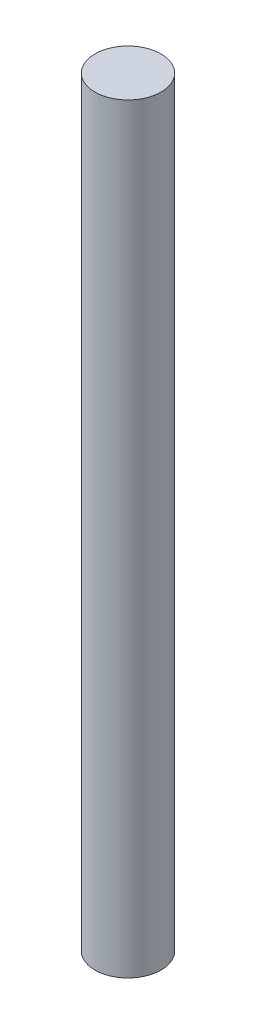
SolidWorks part; units mm, degrees
ref_plane "Front Plane" through (0, 0, 0) normal (0, 0, 1) x (1, 0, 0)
ref_plane "Top Plane" through (0, 0, 0) normal (0, 1, 0) x (1, 0, 0)
ref_plane "Right Plane" through (0, 0, 0) normal (1, 0, 0) x (0, 0, -1)
sketch "Sketch1" plane through (0, 0, 0) normal (0, 1, 0) x (1, 0, 0)
  circle A0 centre (0, 0) radius 5
  dimension "D1" = 10
extrude "Boss-Extrude1" add sketch "Sketch1" along normal blind 115
cosmetic thread "Cosmetic Thread1"
cosmetic thread "Cosmetic Thread2"
ref_axis "Axis1" through (0, 129.2291, 0) along (0, -1, 0)
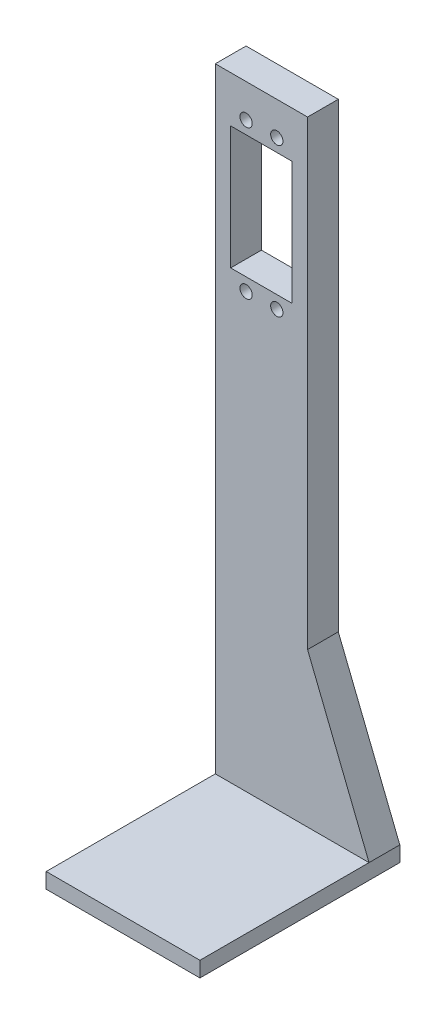
SolidWorks part; units mm, degrees
ref_plane "Front Plane" through (0, 0, 0) normal (0, 0, 1) x (1, 0, 0)
ref_plane "Top Plane" through (0, 0, 0) normal (0, 1, 0) x (1, 0, 0)
ref_plane "Right Plane" through (0, 0, 0) normal (1, 0, 0) x (0, 0, -1)
sketch "Sketch1" plane through (0, 0, 0) normal (0, 1, 0) x (1, 0, 0)
  line L0 (-50, 0) -> (-50, -65)
  line L1 (0, 0) -> (-50, 0)
  line L2 (0, 0) -> (0, -65)
  line L3 (0, -65) -> (-50, -65)
  dimension "D1" = 65
  dimension "D2" = 50
extrude "Boss-Extrude1" add sketch "Sketch1" along normal blind 5
sketch "Sketch2" plane through (0, 0, 0) normal (0, 0, 1) x (1, 0, 0)
  line L0 (0, 5) -> (-20, 55)
  line L1 (-20, 55) -> (-20, 205)
  line L2 (-20, 205) -> (-50, 205)
  line L3 (0, 5) -> (-50, 5)
  line L4 (-50, 5) -> (-50, 205)
  line L5 (0, 5) -> (-50, 5)
  dimension "D1" = 200
  dimension "D2" = 150
  dimension "D3" = 30
  dimension "D4" = 50
extrude "Boss-Extrude2" add sketch "Sketch2" along normal blind 10 contours L2 L4 L3 L0 L1
sketch "Sketch3" plane through (0, 0, 10) normal (0, 0, 1) x (1, 0, 0)
  line L0 (-50, 5) -> (-50, 205) construction
  line L1 (-45, 190) -> (-25, 190)
  line L2 (-45, 190) -> (-45, 150)
  line L3 (-45, 150) -> (-25, 150)
  line L4 (-25, 190) -> (-25, 150)
  line L5 (-20, 205) -> (-50, 205) construction
  circle A0 centre (-40, 194.15) radius 2
  circle A1 centre (-30, 194.15) radius 2
  circle A2 centre (-40, 145.85) radius 2
  circle A3 centre (-30, 145.85) radius 2
  dimension "D1" = 20
  dimension "D2" = 40
  dimension "D3" = 5
  dimension "D4" = 15
extrude "Cut-Extrude1" cut sketch "Sketch3" against normal through all
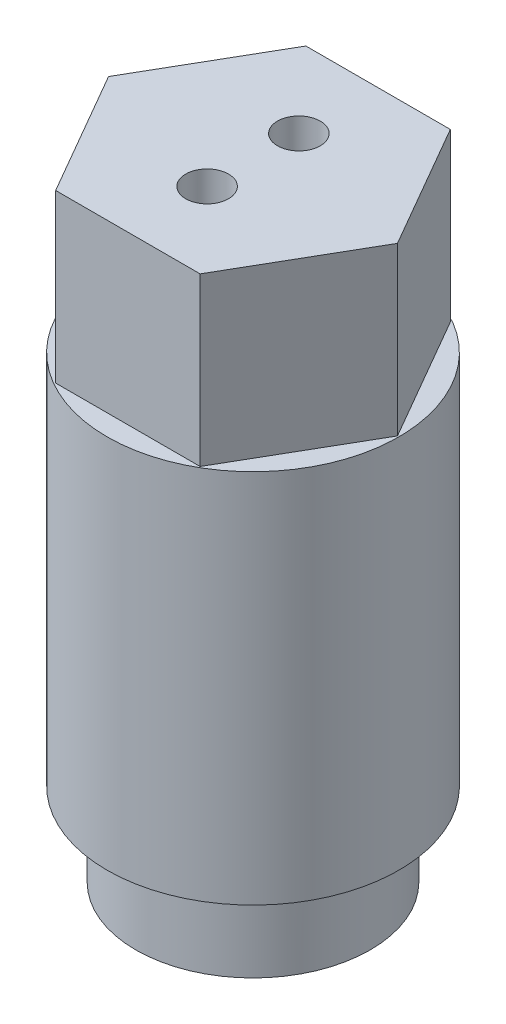
SolidWorks part; units mm, degrees
material "6061 Alloy"
ref_plane "Front Plane" through (0, 0, 0) normal (0, 0, 1) x (1, 0, 0)
ref_plane "Top Plane" through (0, 0, 0) normal (0, 1, 0) x (1, 0, 0)
ref_plane "Right Plane" through (0, 0, 0) normal (1, 0, 0) x (0, 0, -1)
sketch "Main Body Profile" plane through (0, 0, 0) normal (0, 1, 0) x (1, 0, 0)
  circle A0 centre (0, 0) radius 11.1125
  dimension "D1" = 22.225
extrude "Main Body Extrude" add sketch "Main Body Profile" along normal blind 28.575 contours A0
sketch "Hexagon Profile" plane through (0, 28.575, 0) normal (0, 1, 0) x (1, 0, 0)
  line L1 (5.4993, 9.525) -> (-5.4993, 9.525)
  line L2 (-5.4993, 9.525) -> (-10.9985, 0)
  line L3 (-10.9985, 0) -> (-5.4993, -9.525)
  line L4 (-5.4993, -9.525) -> (5.4993, -9.525)
  line L5 (5.4993, -9.525) -> (10.9985, 0)
  line L6 (10.9985, 0) -> (5.4993, 9.525)
  circle A0 centre (0, 0) radius 9.525 construction
  dimension "D1" = 19.05
extrude "Hexagon Body" add sketch "Hexagon Profile" along normal blind 12.7
sketch "Tip Profile" plane through (0, 0, 0) normal (0, -1, 0) x (1, 0, 0)
  circle A0 centre (0, 0) radius 8.9281
  dimension "D1" = 17.8562
extrude "Tip Body" add sketch "Tip Profile" along normal blind 6.35
sketch "Reference Sketch" plane through (0, -6.35, 0) normal (0, -1, 0) x (1, 0, 0)
  circle A0 centre (0, 0) radius 6.35
  dimension "D1" = 12.7
hole_wizard "Back Powder Hole" positions "Sketch9" profile "Sketch8" hole size "1/2" standard "ANSI Inch"
sketch "Sketch9" plane through (0, -6.35, 0) normal (0, -1, 0) x (-1, 0, 0)
  point P0 (0, 0)
sketch "Sketch8" plane through (0, -6.35, 0) normal (1, 0, 0) x (0, 0, -1)
  line L0 (0, 0) -> (0, 34.925)
  line L1 (0, 34.925) -> (6.35, 31.1095)
  line L2 (6.35, 31.1095) -> (6.35, 0)
  line L5 (6.35, 0) -> (0, 0)
  line L10 (0, 34.925) -> (-6.35, 31.1095) construction
  line L11 (0, -6.35) -> (0, 107.95) construction
  dimension "Hole Dia." = 12.7
  dimension "Hole Depth" = 34.925
  dimension "Drill Angle" = 118
ref_plane "Countersink Plane" through (0, 33.8966, 0) normal (0, 1, 0) x (1, 0, 0)
sketch "Sketch5" plane through (0, 33.8966, 0) normal (0, 1, 0) x (1, 0, 0)
  line L0 (0, 9.525) -> (0, -9.525) construction
  line L2 (5.4993, 9.525) -> (-5.4993, 9.525) construction
  line L3 (-5.4993, -9.525) -> (5.4993, -9.525) construction
  circle A1 centre (0, 3.4925) radius 1.7463
  circle A2 centre (0, -3.4925) radius 1.7462
  point P8 (0, 3.4925)
  point P10 (0, -3.4925)
  dimension "D1" = 3.4925
  dimension "D3" = 3.4925
  dimension "D2" = 3.4925
hole_wizard "Screw Holes" positions "Sketch5" profile "Sketch11" countersink size "#4" standard "ANSI Inch" end condition through all
sketch "Sketch11" plane through (0, 33.8966, 3.4925) normal (1, 0, 0) x (0, 0, -1)
  line L0 (0, 0) -> (0, 7.3784)
  line L1 (0, 7.3784) -> (1.6319, 7.3784)
  line L2 (1.6319, 7.3784) -> (1.6319, 1.0284)
  line L3 (1.6319, 1.0284) -> (2.8575, 0)
  line L5 (2.8575, 0) -> (0, 0)
  line L6 (-1.6319, 1.0284) -> (-2.8575, 0) construction
  line L11 (0, -6.35) -> (0, 107.95) construction
  dimension "Thru Hole Dia." = 3.2639
  dimension "Thru Hole Depth" = 7.3784
  dimension "Near C'Sink Dia." = 5.715
  dimension "Near C'Sink Angle" = 100
sketch "Sketch12" plane through (0, 33.8966, 0) normal (0, 1, 0) x (1, 0, 0)
  circle A0 centre (0, 3.4925) radius 2.8575
  circle A1 centre (0, -3.4925) radius 2.8575
  circle A2 centre (0, 0) radius 6.35 construction
extrude "Through Holes" cut sketch "Sketch12" against normal through all
sketch "Sketch13" plane through (0, 0, 0) normal (0, 0, 1) x (1, 0, 0)
  line L0 (0, 0) -> (0, -6.35) construction
  line L1 (-6.35, -6.35) -> (6.35, -6.35) construction
  line L2 (-8.9281, 0) -> (-7.6962, 0)
  line L3 (-8.9281, 0) -> (8.9281, 0) construction
  line L4 (-7.6962, 0) -> (-8.9281, -0.7112)
  line L5 (-8.9281, 0) -> (-8.9281, -6.35) construction
  line L6 (-8.9281, -0.7112) -> (-8.9281, 0)
  dimension "D1" = 0.7112
  dimension "D2" = 1.4225
revolve "Revolved Cut" cut sketch "Sketch13" angle 360 about L0
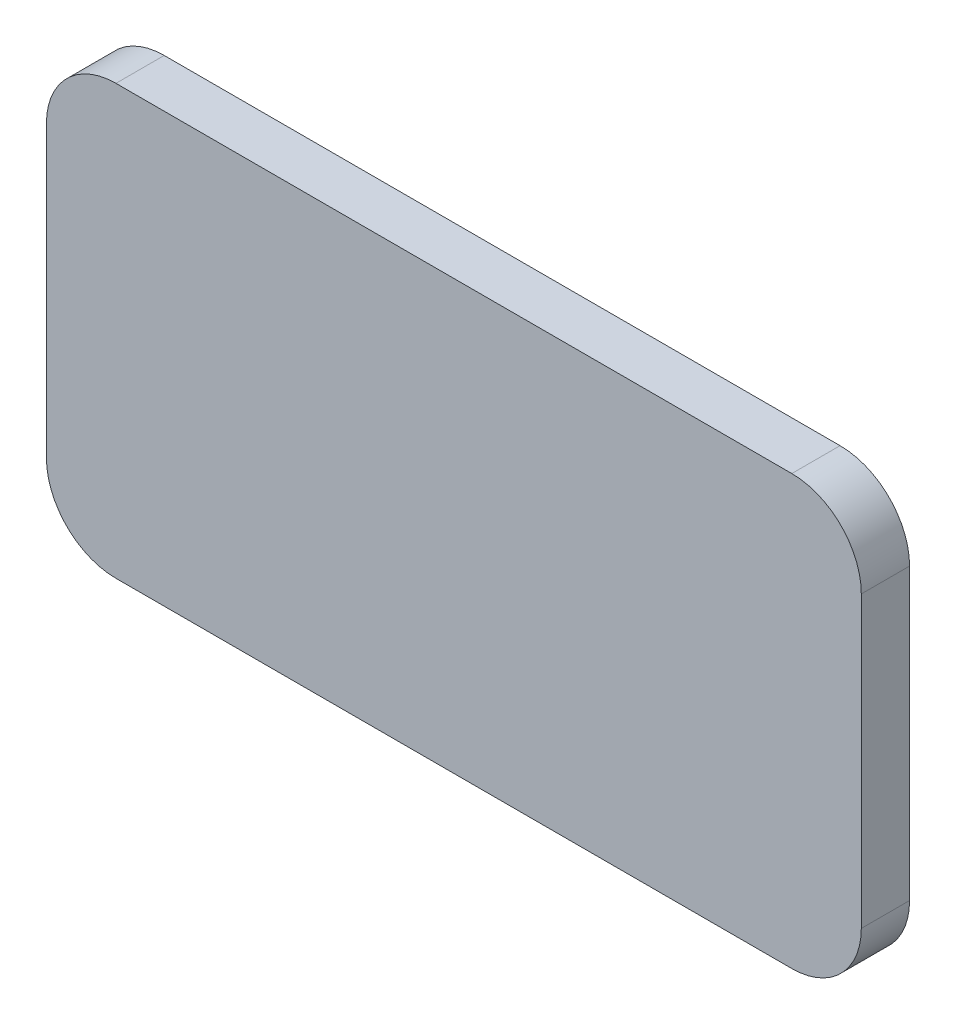
SolidWorks part; units mm, degrees
ref_plane "Спереди" through (0, 0, 0) normal (0, 0, 1) x (1, 0, 0)
ref_plane "Сверху" through (0, 0, 0) normal (0, 1, 0) x (1, 0, 0)
ref_plane "Справа" through (0, 0, 0) normal (1, 0, 0) x (0, 0, -1)
sketch "Эскиз1" plane through (0, 0, 0) normal (0, 0, 1) x (1, 0, 0)
  line L24 (42.2, -15) -> (42.2, 15)
  line L25 (35, 15) -> (-35, 15) construction
  line L26 (35, 15) -> (35, -15) construction
  line L27 (35, -15) -> (-35, -15) construction
  line L28 (-35, 15) -> (-35, -15) construction
  line L29 (35, 15) -> (-35, -15) construction
  line L30 (35, -15) -> (-35, 15) construction
  line L31 (35, 22.2) -> (-35, 22.2)
  line L32 (-42.2, 15) -> (-42.2, -15)
  line L33 (-35, -22.2) -> (35, -22.2)
  arc A0 (42.2, -15) -> (35, -22.2) centre (35, -15) cw
  arc A2 (-35, -22.2) -> (-42.2, -15) centre (-35, -15) cw
  arc A3 (-42.2, 15) -> (-35, 22.2) centre (-35, 15) cw
  arc A4 (42.2, 15) -> (35, 22.2) centre (35, 15) ccw
  point P0 (0, 0)
  dimension "D3" = 7.2
  dimension "D1" = 30
  dimension "D2" = 70
extrude "Бобышка-Вытянуть1" add sketch "Эскиз1" along normal blind 5

○ ○ ○ ○

From the records above, retype only the lines starting at the line that contains "point P10 (0, -3.4925)" and ending at the line that contains "line L0 (0, 0) -> (0, 7.3784)", both included.

(EXPECTED ANSWER):
  point P10 (0, -3.4925)
  dimension "D1" = 3.4925
  dimension "D3" = 3.4925
  dimension "D2" = 3.4925
hole_wizard "Screw Holes" positions "Sketch5" profile "Sketch11" countersink size "#4" standard "ANSI Inch" end condition through all
sketch "Sketch11" plane through (0, 33.8966, 3.4925) normal (1, 0, 0) x (0, 0, -1)
  line L0 (0, 0) -> (0, 7.3784)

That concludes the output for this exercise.